If a line of the records contains the word "Readable", list it.
++++ RECORDS
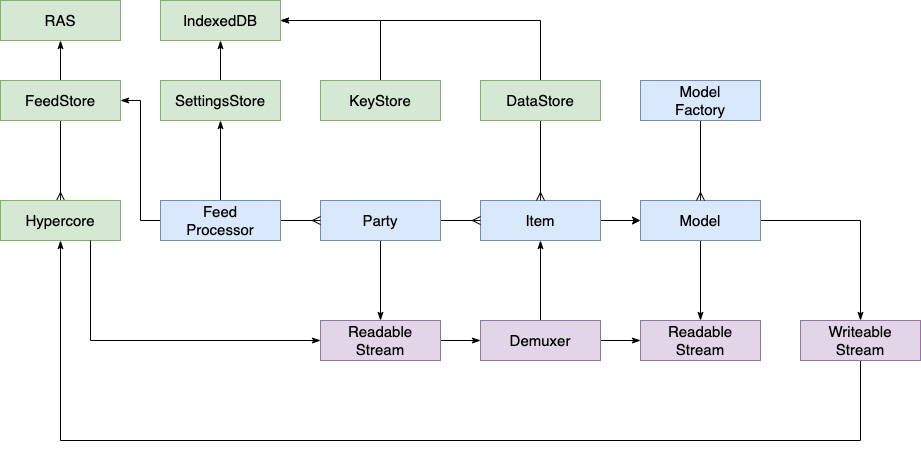

The diagram above was exported from draw.io. Its source (the exported page's mxGraphModel, read from the mxfile embedded in the PNG):
<mxGraphModel dx="1298" dy="811" grid="1" gridSize="10" guides="1" tooltips="1" connect="1" arrows="1" fold="1" page="1" pageScale="1" pageWidth="827" pageHeight="1169" math="0" shadow="0">
  <root>
    <mxCell id="WIyWlLk6GJQsqaUBKTNV-0" />
    <mxCell id="WIyWlLk6GJQsqaUBKTNV-1" parent="WIyWlLk6GJQsqaUBKTNV-0" />
    <mxCell id="ndyh8yOulcWy3pRTffh1-8" style="edgeStyle=orthogonalEdgeStyle;rounded=0;orthogonalLoop=1;jettySize=auto;html=1;exitX=1;exitY=0.5;exitDx=0;exitDy=0;fontFamily=Helvetica;fontSize=15;" edge="1" parent="WIyWlLk6GJQsqaUBKTNV-1" source="ndyh8yOulcWy3pRTffh1-0" target="ndyh8yOulcWy3pRTffh1-1">
      <mxGeometry relative="1" as="geometry" />
    </mxCell>
    <mxCell id="ndyh8yOulcWy3pRTffh1-0" value="Item" style="rounded=0;whiteSpace=wrap;html=1;fontSize=15;fontFamily=Helvetica;fillColor=#dae8fc;strokeColor=#6c8ebf;" vertex="1" parent="WIyWlLk6GJQsqaUBKTNV-1">
      <mxGeometry x="520" y="240" width="120" height="40" as="geometry" />
    </mxCell>
    <mxCell id="ndyh8yOulcWy3pRTffh1-14" style="edgeStyle=orthogonalEdgeStyle;rounded=0;orthogonalLoop=1;jettySize=auto;html=1;exitX=0.5;exitY=1;exitDx=0;exitDy=0;entryX=0.5;entryY=0;entryDx=0;entryDy=0;endArrow=classicThin;endFill=1;fontFamily=Helvetica;fontSize=15;" edge="1" parent="WIyWlLk6GJQsqaUBKTNV-1" source="ndyh8yOulcWy3pRTffh1-1" target="ndyh8yOulcWy3pRTffh1-2">
      <mxGeometry relative="1" as="geometry" />
    </mxCell>
    <mxCell id="ndyh8yOulcWy3pRTffh1-15" style="edgeStyle=orthogonalEdgeStyle;rounded=0;orthogonalLoop=1;jettySize=auto;html=1;exitX=1;exitY=0.5;exitDx=0;exitDy=0;endArrow=classicThin;endFill=1;fontFamily=Helvetica;fontSize=15;" edge="1" parent="WIyWlLk6GJQsqaUBKTNV-1" source="ndyh8yOulcWy3pRTffh1-1" target="ndyh8yOulcWy3pRTffh1-3">
      <mxGeometry relative="1" as="geometry" />
    </mxCell>
    <mxCell id="ndyh8yOulcWy3pRTffh1-1" value="Model" style="rounded=0;whiteSpace=wrap;html=1;fontSize=15;fontFamily=Helvetica;fillColor=#dae8fc;strokeColor=#6c8ebf;" vertex="1" parent="WIyWlLk6GJQsqaUBKTNV-1">
      <mxGeometry x="680" y="240" width="120" height="40" as="geometry" />
    </mxCell>
    <mxCell id="ndyh8yOulcWy3pRTffh1-2" value="Readable&lt;br style=&quot;font-size: 15px;&quot;&gt;Stream" style="rounded=0;whiteSpace=wrap;html=1;fontSize=15;fontFamily=Helvetica;fillColor=#e1d5e7;strokeColor=#9673a6;" vertex="1" parent="WIyWlLk6GJQsqaUBKTNV-1">
      <mxGeometry x="680" y="360" width="120" height="40" as="geometry" />
    </mxCell>
    <mxCell id="ndyh8yOulcWy3pRTffh1-37" style="edgeStyle=orthogonalEdgeStyle;rounded=0;orthogonalLoop=1;jettySize=auto;html=1;exitX=0.5;exitY=1;exitDx=0;exitDy=0;entryX=0.5;entryY=1;entryDx=0;entryDy=0;endArrow=classicThin;endFill=1;fontFamily=Helvetica;fontSize=15;" edge="1" parent="WIyWlLk6GJQsqaUBKTNV-1" source="ndyh8yOulcWy3pRTffh1-3" target="ndyh8yOulcWy3pRTffh1-35">
      <mxGeometry relative="1" as="geometry">
        <Array as="points">
          <mxPoint x="900" y="480" />
          <mxPoint x="100" y="480" />
        </Array>
      </mxGeometry>
    </mxCell>
    <mxCell id="ndyh8yOulcWy3pRTffh1-3" value="Writeable&lt;br style=&quot;font-size: 15px;&quot;&gt;Stream" style="rounded=0;whiteSpace=wrap;html=1;fontSize=15;fontFamily=Helvetica;fillColor=#e1d5e7;strokeColor=#9673a6;" vertex="1" parent="WIyWlLk6GJQsqaUBKTNV-1">
      <mxGeometry x="840" y="360" width="120" height="40" as="geometry" />
    </mxCell>
    <mxCell id="ndyh8yOulcWy3pRTffh1-9" style="edgeStyle=orthogonalEdgeStyle;rounded=0;orthogonalLoop=1;jettySize=auto;html=1;exitX=0.5;exitY=1;exitDx=0;exitDy=0;fontFamily=Helvetica;fontSize=15;endArrow=ERmany;endFill=0;" edge="1" parent="WIyWlLk6GJQsqaUBKTNV-1" source="ndyh8yOulcWy3pRTffh1-4" target="ndyh8yOulcWy3pRTffh1-1">
      <mxGeometry relative="1" as="geometry" />
    </mxCell>
    <mxCell id="ndyh8yOulcWy3pRTffh1-4" value="Model&lt;br style=&quot;font-size: 15px;&quot;&gt;Factory" style="rounded=0;whiteSpace=wrap;html=1;fontSize=15;fontFamily=Helvetica;fillColor=#dae8fc;strokeColor=#6c8ebf;" vertex="1" parent="WIyWlLk6GJQsqaUBKTNV-1">
      <mxGeometry x="680" y="120" width="120" height="40" as="geometry" />
    </mxCell>
    <mxCell id="ndyh8yOulcWy3pRTffh1-12" style="edgeStyle=orthogonalEdgeStyle;rounded=0;orthogonalLoop=1;jettySize=auto;html=1;exitX=1;exitY=0.5;exitDx=0;exitDy=0;endArrow=ERmany;endFill=0;fontFamily=Helvetica;fontSize=15;" edge="1" parent="WIyWlLk6GJQsqaUBKTNV-1" source="ndyh8yOulcWy3pRTffh1-5" target="ndyh8yOulcWy3pRTffh1-0">
      <mxGeometry relative="1" as="geometry" />
    </mxCell>
    <mxCell id="ndyh8yOulcWy3pRTffh1-13" style="edgeStyle=orthogonalEdgeStyle;rounded=0;orthogonalLoop=1;jettySize=auto;html=1;exitX=0.5;exitY=1;exitDx=0;exitDy=0;endArrow=classicThin;endFill=1;fontFamily=Helvetica;fontSize=15;" edge="1" parent="WIyWlLk6GJQsqaUBKTNV-1" source="ndyh8yOulcWy3pRTffh1-5" target="ndyh8yOulcWy3pRTffh1-11">
      <mxGeometry relative="1" as="geometry" />
    </mxCell>
    <mxCell id="ndyh8yOulcWy3pRTffh1-5" value="Party" style="rounded=0;whiteSpace=wrap;html=1;fontSize=15;fontFamily=Helvetica;fillColor=#dae8fc;strokeColor=#6c8ebf;" vertex="1" parent="WIyWlLk6GJQsqaUBKTNV-1">
      <mxGeometry x="360" y="240" width="120" height="40" as="geometry" />
    </mxCell>
    <mxCell id="ndyh8yOulcWy3pRTffh1-36" style="edgeStyle=orthogonalEdgeStyle;rounded=0;orthogonalLoop=1;jettySize=auto;html=1;exitX=0.5;exitY=1;exitDx=0;exitDy=0;entryX=0.5;entryY=0;entryDx=0;entryDy=0;endArrow=ERmany;endFill=0;fontFamily=Helvetica;fontSize=15;" edge="1" parent="WIyWlLk6GJQsqaUBKTNV-1" source="ndyh8yOulcWy3pRTffh1-10" target="ndyh8yOulcWy3pRTffh1-35">
      <mxGeometry relative="1" as="geometry" />
    </mxCell>
    <mxCell id="ndyh8yOulcWy3pRTffh1-51" style="edgeStyle=orthogonalEdgeStyle;rounded=0;orthogonalLoop=1;jettySize=auto;html=1;endArrow=classicThin;endFill=1;fontFamily=Helvetica;fontSize=15;" edge="1" parent="WIyWlLk6GJQsqaUBKTNV-1" source="ndyh8yOulcWy3pRTffh1-10" target="ndyh8yOulcWy3pRTffh1-50">
      <mxGeometry relative="1" as="geometry" />
    </mxCell>
    <mxCell id="ndyh8yOulcWy3pRTffh1-10" value="FeedStore" style="rounded=0;whiteSpace=wrap;html=1;fontSize=15;fontFamily=Helvetica;fillColor=#d5e8d4;strokeColor=#82b366;" vertex="1" parent="WIyWlLk6GJQsqaUBKTNV-1">
      <mxGeometry x="40" y="120" width="120" height="40" as="geometry" />
    </mxCell>
    <mxCell id="ndyh8yOulcWy3pRTffh1-20" style="edgeStyle=orthogonalEdgeStyle;rounded=0;orthogonalLoop=1;jettySize=auto;html=1;exitX=1;exitY=0.5;exitDx=0;exitDy=0;endArrow=classicThin;endFill=1;fontFamily=Helvetica;fontSize=15;" edge="1" parent="WIyWlLk6GJQsqaUBKTNV-1" source="ndyh8yOulcWy3pRTffh1-11" target="ndyh8yOulcWy3pRTffh1-19">
      <mxGeometry relative="1" as="geometry" />
    </mxCell>
    <mxCell id="ndyh8yOulcWy3pRTffh1-11" value="Readable&lt;br style=&quot;font-size: 15px;&quot;&gt;Stream" style="rounded=0;whiteSpace=wrap;html=1;fontSize=15;fontFamily=Helvetica;fillColor=#e1d5e7;strokeColor=#9673a6;" vertex="1" parent="WIyWlLk6GJQsqaUBKTNV-1">
      <mxGeometry x="360" y="360" width="120" height="40" as="geometry" />
    </mxCell>
    <mxCell id="ndyh8yOulcWy3pRTffh1-21" style="edgeStyle=orthogonalEdgeStyle;rounded=0;orthogonalLoop=1;jettySize=auto;html=1;exitX=1;exitY=0.5;exitDx=0;exitDy=0;endArrow=classicThin;endFill=1;fontFamily=Helvetica;fontSize=15;" edge="1" parent="WIyWlLk6GJQsqaUBKTNV-1" source="ndyh8yOulcWy3pRTffh1-19" target="ndyh8yOulcWy3pRTffh1-2">
      <mxGeometry relative="1" as="geometry" />
    </mxCell>
    <mxCell id="ndyh8yOulcWy3pRTffh1-24" style="edgeStyle=orthogonalEdgeStyle;rounded=0;orthogonalLoop=1;jettySize=auto;html=1;exitX=0.5;exitY=0;exitDx=0;exitDy=0;endArrow=classicThin;endFill=1;fontFamily=Helvetica;fontSize=15;" edge="1" parent="WIyWlLk6GJQsqaUBKTNV-1" source="ndyh8yOulcWy3pRTffh1-19" target="ndyh8yOulcWy3pRTffh1-0">
      <mxGeometry relative="1" as="geometry" />
    </mxCell>
    <mxCell id="ndyh8yOulcWy3pRTffh1-19" value="Demuxer" style="rounded=0;whiteSpace=wrap;html=1;fontSize=15;fontFamily=Helvetica;fillColor=#e1d5e7;strokeColor=#9673a6;" vertex="1" parent="WIyWlLk6GJQsqaUBKTNV-1">
      <mxGeometry x="520" y="360" width="120" height="40" as="geometry" />
    </mxCell>
    <mxCell id="ndyh8yOulcWy3pRTffh1-28" style="edgeStyle=orthogonalEdgeStyle;rounded=0;orthogonalLoop=1;jettySize=auto;html=1;exitX=0.5;exitY=1;exitDx=0;exitDy=0;endArrow=ERmany;endFill=0;fontFamily=Helvetica;fontSize=15;" edge="1" parent="WIyWlLk6GJQsqaUBKTNV-1" source="ndyh8yOulcWy3pRTffh1-26" target="ndyh8yOulcWy3pRTffh1-0">
      <mxGeometry relative="1" as="geometry" />
    </mxCell>
    <mxCell id="ndyh8yOulcWy3pRTffh1-33" style="edgeStyle=orthogonalEdgeStyle;rounded=0;orthogonalLoop=1;jettySize=auto;html=1;exitX=0.5;exitY=0;exitDx=0;exitDy=0;entryX=1;entryY=0.5;entryDx=0;entryDy=0;endArrow=classicThin;endFill=1;fontFamily=Helvetica;fontSize=15;" edge="1" parent="WIyWlLk6GJQsqaUBKTNV-1" source="ndyh8yOulcWy3pRTffh1-26" target="ndyh8yOulcWy3pRTffh1-30">
      <mxGeometry relative="1" as="geometry" />
    </mxCell>
    <mxCell id="ndyh8yOulcWy3pRTffh1-26" value="DataStore" style="rounded=0;whiteSpace=wrap;html=1;fontSize=15;fontFamily=Helvetica;fillColor=#d5e8d4;strokeColor=#82b366;" vertex="1" parent="WIyWlLk6GJQsqaUBKTNV-1">
      <mxGeometry x="520" y="120" width="120" height="40" as="geometry" />
    </mxCell>
    <mxCell id="ndyh8yOulcWy3pRTffh1-30" value="IndexedDB" style="rounded=0;whiteSpace=wrap;html=1;fontSize=15;fontFamily=Helvetica;fillColor=#d5e8d4;strokeColor=#82b366;" vertex="1" parent="WIyWlLk6GJQsqaUBKTNV-1">
      <mxGeometry x="200" y="40" width="120" height="40" as="geometry" />
    </mxCell>
    <mxCell id="ndyh8yOulcWy3pRTffh1-35" value="Hypercore" style="rounded=0;whiteSpace=wrap;html=1;fontSize=15;fontFamily=Helvetica;fillColor=#d5e8d4;strokeColor=#82b366;" vertex="1" parent="WIyWlLk6GJQsqaUBKTNV-1">
      <mxGeometry x="40" y="240" width="120" height="40" as="geometry" />
    </mxCell>
    <mxCell id="ndyh8yOulcWy3pRTffh1-39" style="edgeStyle=orthogonalEdgeStyle;rounded=0;orthogonalLoop=1;jettySize=auto;html=1;exitX=0;exitY=0.5;exitDx=0;exitDy=0;entryX=1;entryY=0.5;entryDx=0;entryDy=0;endArrow=classicThin;endFill=1;fontFamily=Helvetica;fontSize=15;" edge="1" parent="WIyWlLk6GJQsqaUBKTNV-1" source="ndyh8yOulcWy3pRTffh1-38" target="ndyh8yOulcWy3pRTffh1-10">
      <mxGeometry relative="1" as="geometry" />
    </mxCell>
    <mxCell id="ndyh8yOulcWy3pRTffh1-41" style="edgeStyle=orthogonalEdgeStyle;rounded=0;orthogonalLoop=1;jettySize=auto;html=1;exitX=1;exitY=0.5;exitDx=0;exitDy=0;endArrow=ERmany;endFill=0;fontFamily=Helvetica;fontSize=15;" edge="1" parent="WIyWlLk6GJQsqaUBKTNV-1" source="ndyh8yOulcWy3pRTffh1-38" target="ndyh8yOulcWy3pRTffh1-5">
      <mxGeometry relative="1" as="geometry" />
    </mxCell>
    <mxCell id="ndyh8yOulcWy3pRTffh1-42" style="edgeStyle=orthogonalEdgeStyle;rounded=0;orthogonalLoop=1;jettySize=auto;html=1;exitX=0.75;exitY=1;exitDx=0;exitDy=0;entryX=0;entryY=0.5;entryDx=0;entryDy=0;endArrow=classicThin;endFill=1;fontFamily=Helvetica;fontSize=15;" edge="1" parent="WIyWlLk6GJQsqaUBKTNV-1" source="ndyh8yOulcWy3pRTffh1-35" target="ndyh8yOulcWy3pRTffh1-11">
      <mxGeometry relative="1" as="geometry" />
    </mxCell>
    <mxCell id="ndyh8yOulcWy3pRTffh1-45" style="edgeStyle=orthogonalEdgeStyle;rounded=0;orthogonalLoop=1;jettySize=auto;html=1;exitX=0.5;exitY=0;exitDx=0;exitDy=0;endArrow=classicThin;endFill=1;fontFamily=Helvetica;fontSize=15;" edge="1" parent="WIyWlLk6GJQsqaUBKTNV-1" source="ndyh8yOulcWy3pRTffh1-38" target="ndyh8yOulcWy3pRTffh1-43">
      <mxGeometry relative="1" as="geometry" />
    </mxCell>
    <mxCell id="ndyh8yOulcWy3pRTffh1-38" value="Feed&lt;br&gt;Processor" style="rounded=0;whiteSpace=wrap;html=1;fontSize=15;fontFamily=Helvetica;fillColor=#dae8fc;strokeColor=#6c8ebf;" vertex="1" parent="WIyWlLk6GJQsqaUBKTNV-1">
      <mxGeometry x="200" y="240" width="120" height="40" as="geometry" />
    </mxCell>
    <mxCell id="ndyh8yOulcWy3pRTffh1-44" style="edgeStyle=orthogonalEdgeStyle;rounded=0;orthogonalLoop=1;jettySize=auto;html=1;exitX=0.5;exitY=0;exitDx=0;exitDy=0;endArrow=classicThin;endFill=1;fontFamily=Helvetica;fontSize=15;" edge="1" parent="WIyWlLk6GJQsqaUBKTNV-1" source="ndyh8yOulcWy3pRTffh1-43" target="ndyh8yOulcWy3pRTffh1-30">
      <mxGeometry relative="1" as="geometry" />
    </mxCell>
    <mxCell id="ndyh8yOulcWy3pRTffh1-43" value="SettingsStore" style="rounded=0;whiteSpace=wrap;html=1;fontSize=15;fontFamily=Helvetica;fillColor=#d5e8d4;strokeColor=#82b366;" vertex="1" parent="WIyWlLk6GJQsqaUBKTNV-1">
      <mxGeometry x="200" y="120" width="120" height="40" as="geometry" />
    </mxCell>
    <mxCell id="ndyh8yOulcWy3pRTffh1-49" style="edgeStyle=orthogonalEdgeStyle;rounded=0;orthogonalLoop=1;jettySize=auto;html=1;exitX=0.5;exitY=0;exitDx=0;exitDy=0;entryX=1;entryY=0.5;entryDx=0;entryDy=0;endArrow=classicThin;endFill=1;fontFamily=Helvetica;fontSize=15;" edge="1" parent="WIyWlLk6GJQsqaUBKTNV-1" source="ndyh8yOulcWy3pRTffh1-46" target="ndyh8yOulcWy3pRTffh1-30">
      <mxGeometry relative="1" as="geometry" />
    </mxCell>
    <mxCell id="ndyh8yOulcWy3pRTffh1-46" value="KeyStore" style="rounded=0;whiteSpace=wrap;html=1;fontSize=15;fontFamily=Helvetica;fillColor=#d5e8d4;strokeColor=#82b366;" vertex="1" parent="WIyWlLk6GJQsqaUBKTNV-1">
      <mxGeometry x="360" y="120" width="120" height="40" as="geometry" />
    </mxCell>
    <mxCell id="ndyh8yOulcWy3pRTffh1-50" value="RAS" style="rounded=0;whiteSpace=wrap;html=1;fontSize=15;fontFamily=Helvetica;fillColor=#d5e8d4;strokeColor=#82b366;" vertex="1" parent="WIyWlLk6GJQsqaUBKTNV-1">
      <mxGeometry x="40" y="40" width="120" height="40" as="geometry" />
    </mxCell>
  </root>
</mxGraphModel>
++++++++
■ OUTPUT BELOW ■
    <mxCell id="ndyh8yOulcWy3pRTffh1-2" value="Readable&lt;br style=&quot;font-size: 15px;&quot;&gt;Stream" style="rounded=0;whiteSpace=wrap;html=1;fontSize=15;fontFamily=Helvetica;fillColor=#e1d5e7;strokeColor=#9673a6;" vertex="1" parent="WIyWlLk6GJQsqaUBKTNV-1">
    <mxCell id="ndyh8yOulcWy3pRTffh1-11" value="Readable&lt;br style=&quot;font-size: 15px;&quot;&gt;Stream" style="rounded=0;whiteSpace=wrap;html=1;fontSize=15;fontFamily=Helvetica;fillColor=#e1d5e7;strokeColor=#9673a6;" vertex="1" parent="WIyWlLk6GJQsqaUBKTNV-1">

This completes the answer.